🤖 AI Summary
To address the high computational cost and inference latency of vision-language models (VLMs) arising from autoregressive decoding, this paper proposes an imitation learning–based speculative decoding framework. The method employs a lightweight draft model to generate candidate token sequences, which are then verified and corrected in parallel by the full VLM via non-autoregressive processing; crucially, deep-layer features from the full model guide iterative refinement of the draft model—without requiring additional training data. Our core contribution lies in the tight integration of imitation learning with speculative decoding, enabling efficient token-level generation and correction.
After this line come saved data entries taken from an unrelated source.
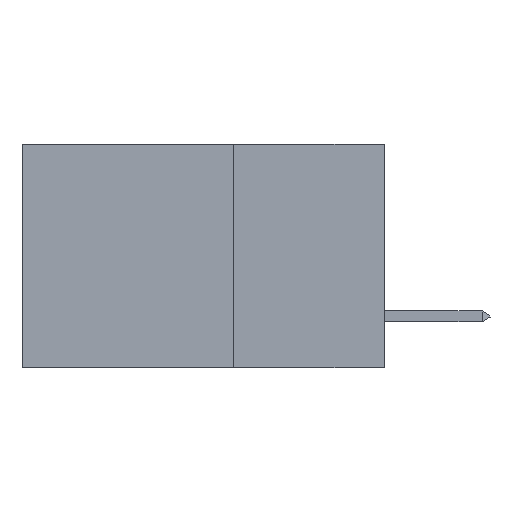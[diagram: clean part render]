
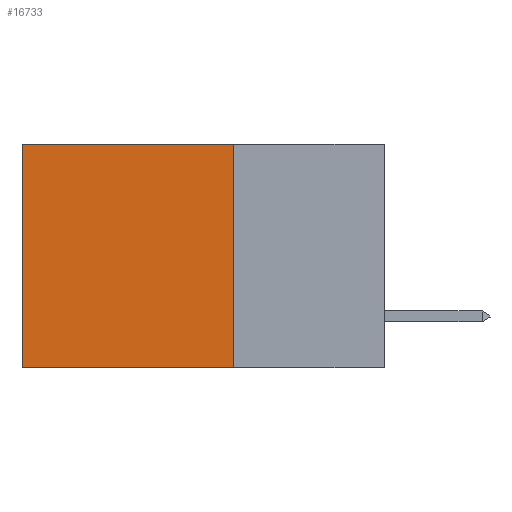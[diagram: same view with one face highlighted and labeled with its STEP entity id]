
A CAD part, left-side view. The second image highlights one B-rep face of the part: STEP entity #16733.
In plain terms, the highlighted planar face has unit normal (-1, 0, 0).
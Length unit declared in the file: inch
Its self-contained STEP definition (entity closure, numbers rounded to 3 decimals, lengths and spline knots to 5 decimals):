
#1091 = PLANE ( 'NONE',  #4355 ) ;
#1268 = EDGE_CURVE ( 'NONE', #15655, #5533, #9959, .T. ) ;
#1363 = ORIENTED_EDGE ( 'NONE', *, *, #4646, .F. ) ;
#2191 = EDGE_CURVE ( 'NONE', #15655, #6877, #9534, .T. ) ;
#2506 = DIRECTION ( 'NONE',  ( 0., 1., 0. ) ) ;
#4355 = AXIS2_PLACEMENT_3D ( 'NONE', #13973, #5949, #8975 ) ;
#4646 = EDGE_CURVE ( 'NONE', #6877, #12190, #20578, .T. ) ;
#5533 = VERTEX_POINT ( 'NONE', #17462 ) ;
#5833 = ORIENTED_EDGE ( 'NONE', *, *, #6093, .T. ) ;
#5949 = DIRECTION ( 'NONE',  ( 1., 0., 0. ) ) ;
#6093 = EDGE_CURVE ( 'NONE', #5533, #12190, #8111, .T. ) ;
#6877 = VERTEX_POINT ( 'NONE', #17460 ) ;
#7378 = CARTESIAN_POINT ( 'NONE',  ( 0.2875, 0.25, 0. ) ) ;
#7953 = DIRECTION ( 'NONE',  ( 0., 0., -1. ) ) ;
#8111 = LINE ( 'NONE', #15284, #9379 ) ;
#8372 = CARTESIAN_POINT ( 'NONE',  ( 0.2875, 0.6, -0.37 ) ) ;
#8465 = VECTOR ( 'NONE', #2506, 39.37008 ) ;
#8537 = EDGE_LOOP ( 'NONE', ( #5833, #1363, #18220, #15375 ) ) ;
#8975 = DIRECTION ( 'NONE',  ( 0., 0., -1. ) ) ;
#9379 = VECTOR ( 'NONE', #7953, 39.37008 ) ;
#9534 = LINE ( 'NONE', #16695, #20210 ) ;
#9792 = CARTESIAN_POINT ( 'NONE',  ( 0.2875, 0.25, -0.37 ) ) ;
#9959 = LINE ( 'NONE', #7378, #8465 ) ;
#10440 = FACE_OUTER_BOUND ( 'NONE', #8537, .T. ) ;
#12190 = VERTEX_POINT ( 'NONE', #8372 ) ;
#13973 = CARTESIAN_POINT ( 'NONE',  ( 0.2875, 0.25, 0. ) ) ;
#15028 = DIRECTION ( 'NONE',  ( 0., 0., -1. ) ) ;
#15065 = DIRECTION ( 'NONE',  ( 0., 1., 0. ) ) ;
#15284 = CARTESIAN_POINT ( 'NONE',  ( 0.2875, 0.6, 0. ) ) ;
#15375 = ORIENTED_EDGE ( 'NONE', *, *, #1268, .T. ) ;
#15655 = VERTEX_POINT ( 'NONE', #19385 ) ;
#16427 = VECTOR ( 'NONE', #15065, 39.37008 ) ;
#16695 = CARTESIAN_POINT ( 'NONE',  ( 0.2875, 0.25, 0. ) ) ;
#16733 = ADVANCED_FACE ( 'NONE', ( #10440 ), #1091, .F. ) ;
#17460 = CARTESIAN_POINT ( 'NONE',  ( 0.2875, 0.25, -0.37 ) ) ;
#17462 = CARTESIAN_POINT ( 'NONE',  ( 0.2875, 0.6, 0. ) ) ;
#18220 = ORIENTED_EDGE ( 'NONE', *, *, #2191, .F. ) ;
#19385 = CARTESIAN_POINT ( 'NONE',  ( 0.2875, 0.25, 0. ) ) ;
#20210 = VECTOR ( 'NONE', #15028, 39.37008 ) ;
#20578 = LINE ( 'NONE', #9792, #16427 ) ;

Experiments demonstrate that the approach retains over 98% of the original model’s performance while accelerating inference by 1.55–1.85×, significantly reducing multimodal response latency.
📝 Abstract
Vision-language Models (VLMs) have made significant strides in visual understanding and query response generation, but often face challenges of high computational cost and inference latency due to autoregressive decoding. In this work, we introduce an imitation-learning-based Self-Speculative Decoding (SSD) framework, named FastVLM, to address these limitations. Our approach employs a lightweight draft model for token generation in an autoregressive manner, while a full model verifies these tokens non-autoregressively. Accepted tokens proceed seamlessly, while rejected tokens are corrected by the full model and used to guide the draft model's refinement. Through an imitation network, FastVLM enhances the draft model by integrating deeper level insights from the full model's architecture. Also, it maintains the performance integrity of the full model while training the draft model, achieving a balance between efficiency and accuracy. Our method speeds up the inference process by 1.55-1.85x as compared to the final layer with minimal loss in performance.